Starting at the first line of the data, print each line verbatim up to and including the line bearing "doc.linetypes.add('DASHED', pattern=[0.75, 0.5, -0.25])", omitting pictures.

-- -- --

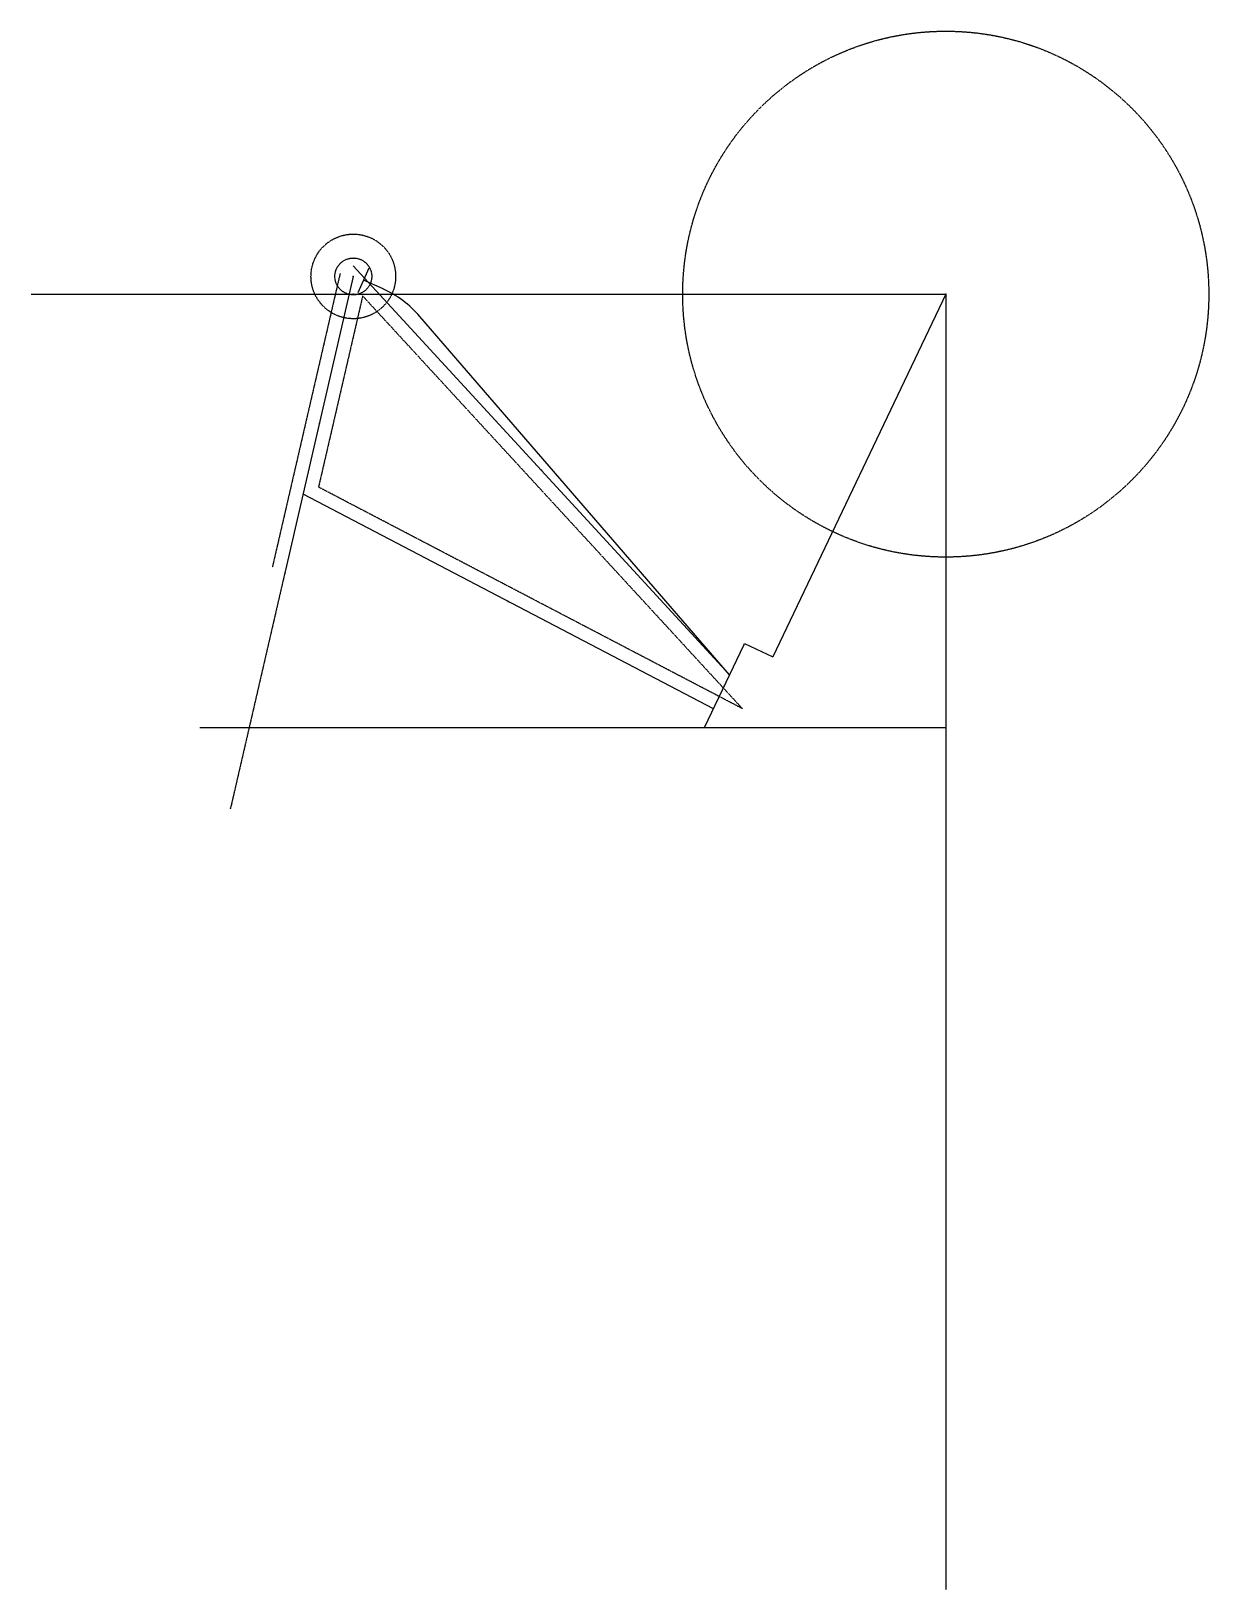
# Model space of a CAD drawing. Header units: millimetres. Extents: x -454 to 1207, y -1828 to 371.
import ezdxf

# ---------------------------------------------------------------- set-up
doc = ezdxf.new("R2010")
doc.units = ezdxf.units.MM
doc.linetypes.add('DASHED', pattern=[0.75, 0.5, -0.25])
doc.layers.get('0').update_dxf_attribs({"linetype": 'CONTINUOUS'})

msp = doc.modelspace()

# ---------------------------------------------------------------- linework, layer by layer
at = {"linetype": 'DASHED'}
for p, q in [((-18.6, 29.3), (-114.2, -385.2)), ((-454.4, 0), (835.6, 0)), ((835.6, 0), (835.6, -1828)), ((13.2, -2.5), (-49.1, -272.2)), ((548.7, -584.7), (13.2, -2.5)), ((548.7, -584.7), (-49.1, -272.2)), ((-95.7, -389.5), (-173.2, -725.3)), ((835.6, -612), (-216.3, -612))]:
    msp.add_line(p, q, dxfattribs=at)
for p, q in [((0, 25), (-95.7, -389.5)), ((530.7, -537.1), (0, 40)), ((6.7, 2.3), (22.3, 37.1)), ((41.9, 7.4), (14.5, 19.7)), ((835.6, 0), (591.5, -511.8)), ((530.7, -537.1), (94, -31.4)), ((507.9, -584.9), (-70.9, -282.3)), ((551, -494.6), (495, -612)), ((551, -494.6), (551.8, -492.8)), ((551.8, -492.8), (591.5, -511.8))]:
    msp.add_line(p, q)
for centre, radius in [((835.6, 0), 371), ((0, 25), 59.7), ((0, 25), 26)]:
    msp.add_circle(centre, radius, dxfattribs=at)
msp.add_arc((-19.6, -129.4), 150, 40.8178, 65.8178)
for p in [(0, 25), (0, 0), (835.6, 0), (-47.8, -182.2), (265.4, -248.5), (218.5, -433.6), (523, -553.3), (-173.2, -725.3)]:
    msp.add_point(p)

doc.saveas('drawing.dxf')
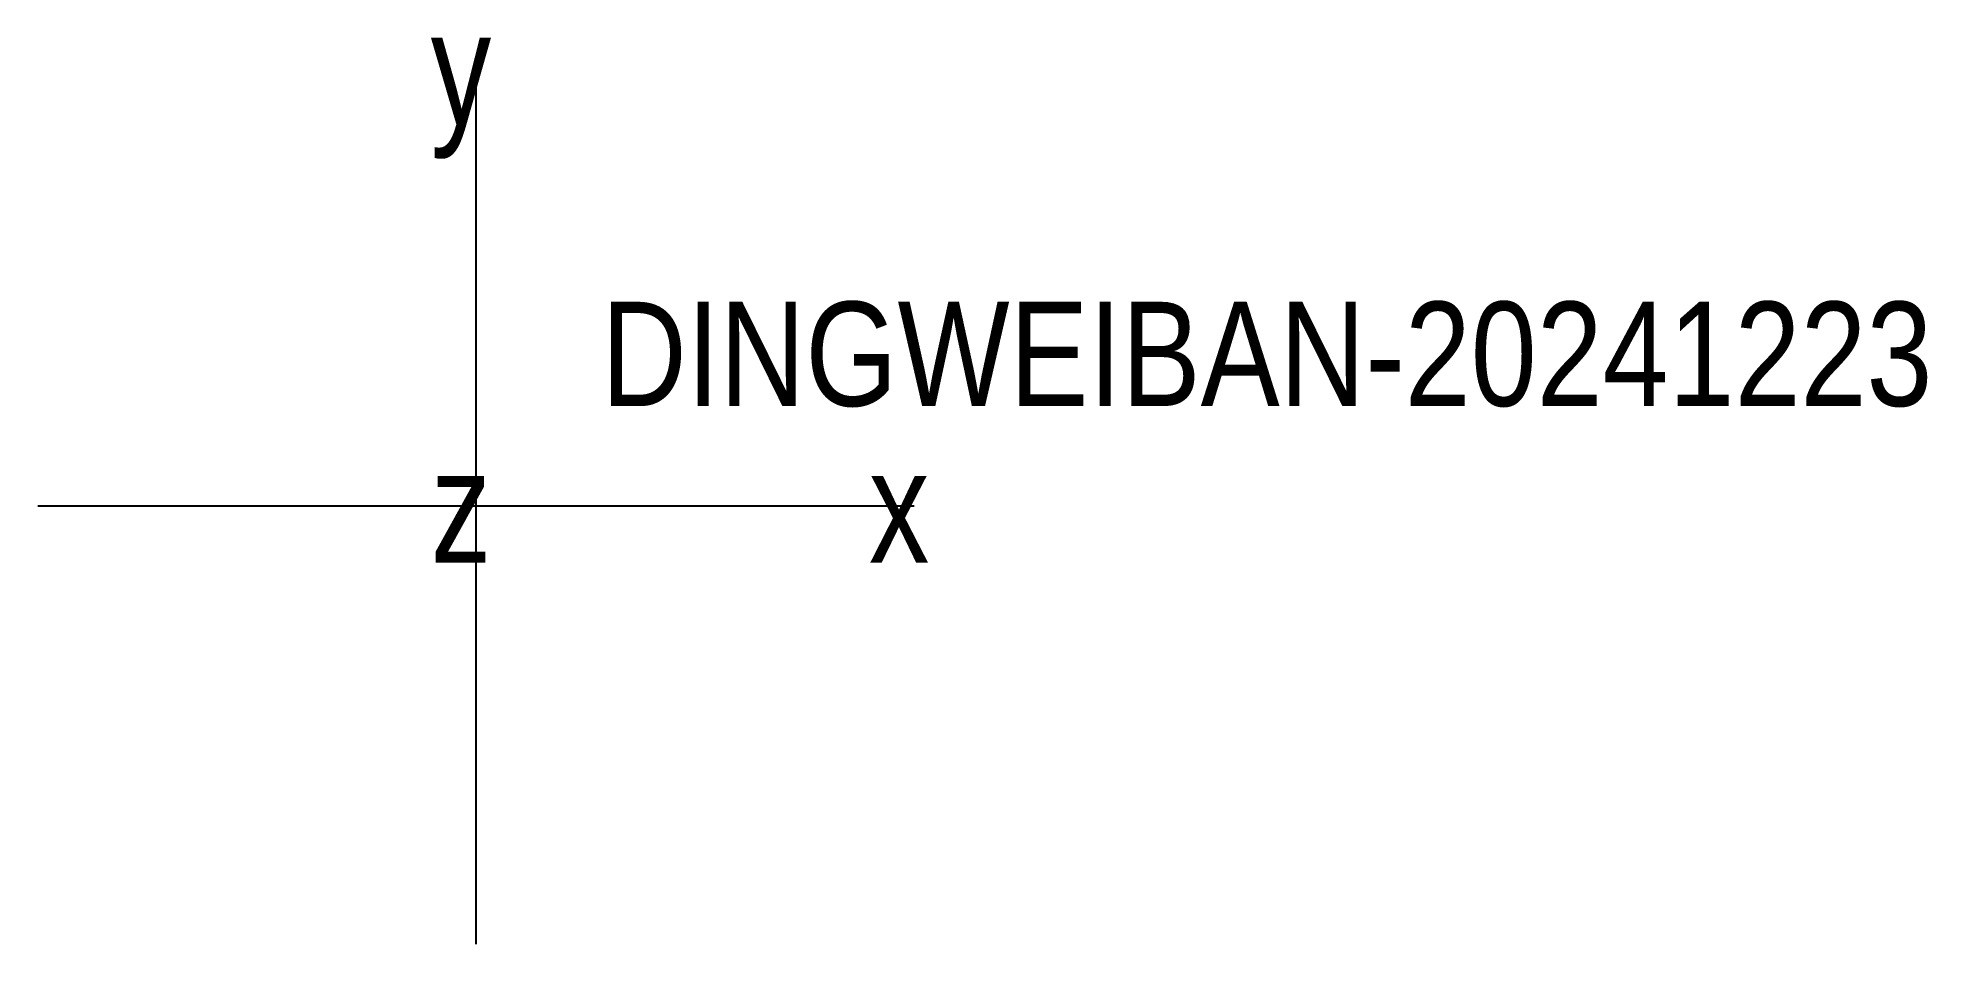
# Model space of a CAD drawing. Header units: millimetres. Extents: x -972 to 435, y -546 to 211.
# Drawn here: x -972.4 to -909, y -545.7 to -515.3 of the extents above.
import ezdxf

# ---------------------------------------------------------------- set-up
doc = ezdxf.new("R2010")
doc.units = ezdxf.units.MM
doc.header["$LTSCALE"] = 23.1
doc.layers.get('0').update_dxf_attribs({"linetype": 'CONTINUOUS'})
doc.styles.get("Standard").update_dxf_attribs({"font": 'txt', "width": 0.85})
doc.styles.add('TEXTSTYLE_2', font='txt', dxfattribs={"width": 0.8})

msp = doc.modelspace()

# ---------------------------------------------------------------- linework, layer by layer
at = {"color": 7, "linetype": 'Continuous'}
for p, q in [((-957.715, -516.298), (-957.715, -545.698)), ((-943.015, -530.998), (-972.415, -530.998))]:
    msp.add_line(p, q, dxfattribs=at)

# ---------------------------------------------------------------- texts
at = {"color": 9, "linetype": 'Continuous', "char_height": 3.797, "width": 3.0375, "attachment_point": 1, "line_spacing_factor": 0.9, "style": 'TEXTSTYLE_2'}
for s, insert in [('y', (-959.234, -514.4)), ('z', (-959.234, -529.1)), ('x', (-944.534, -529.1))]:
    msp.add_mtext(s, dxfattribs=dict(at, insert=insert))
at = {"color": 7, "linetype": 'Continuous', "insert": (-953.515, -524.138), "char_height": 3.5, "width": 56.525, "attachment_point": 1, "line_spacing_factor": 0.9}
msp.add_mtext('DINGWEIBAN-20241223', dxfattribs=at)

doc.saveas('drawing.dxf')

-- -- --

TASK RESPONSE:
# Model space of a CAD drawing. Header units: millimetres. Extents: x -454 to 1207, y -1828 to 371.
import ezdxf

# ---------------------------------------------------------------- set-up
doc = ezdxf.new("R2010")
doc.units = ezdxf.units.MM
doc.linetypes.add('DASHED', pattern=[0.75, 0.5, -0.25])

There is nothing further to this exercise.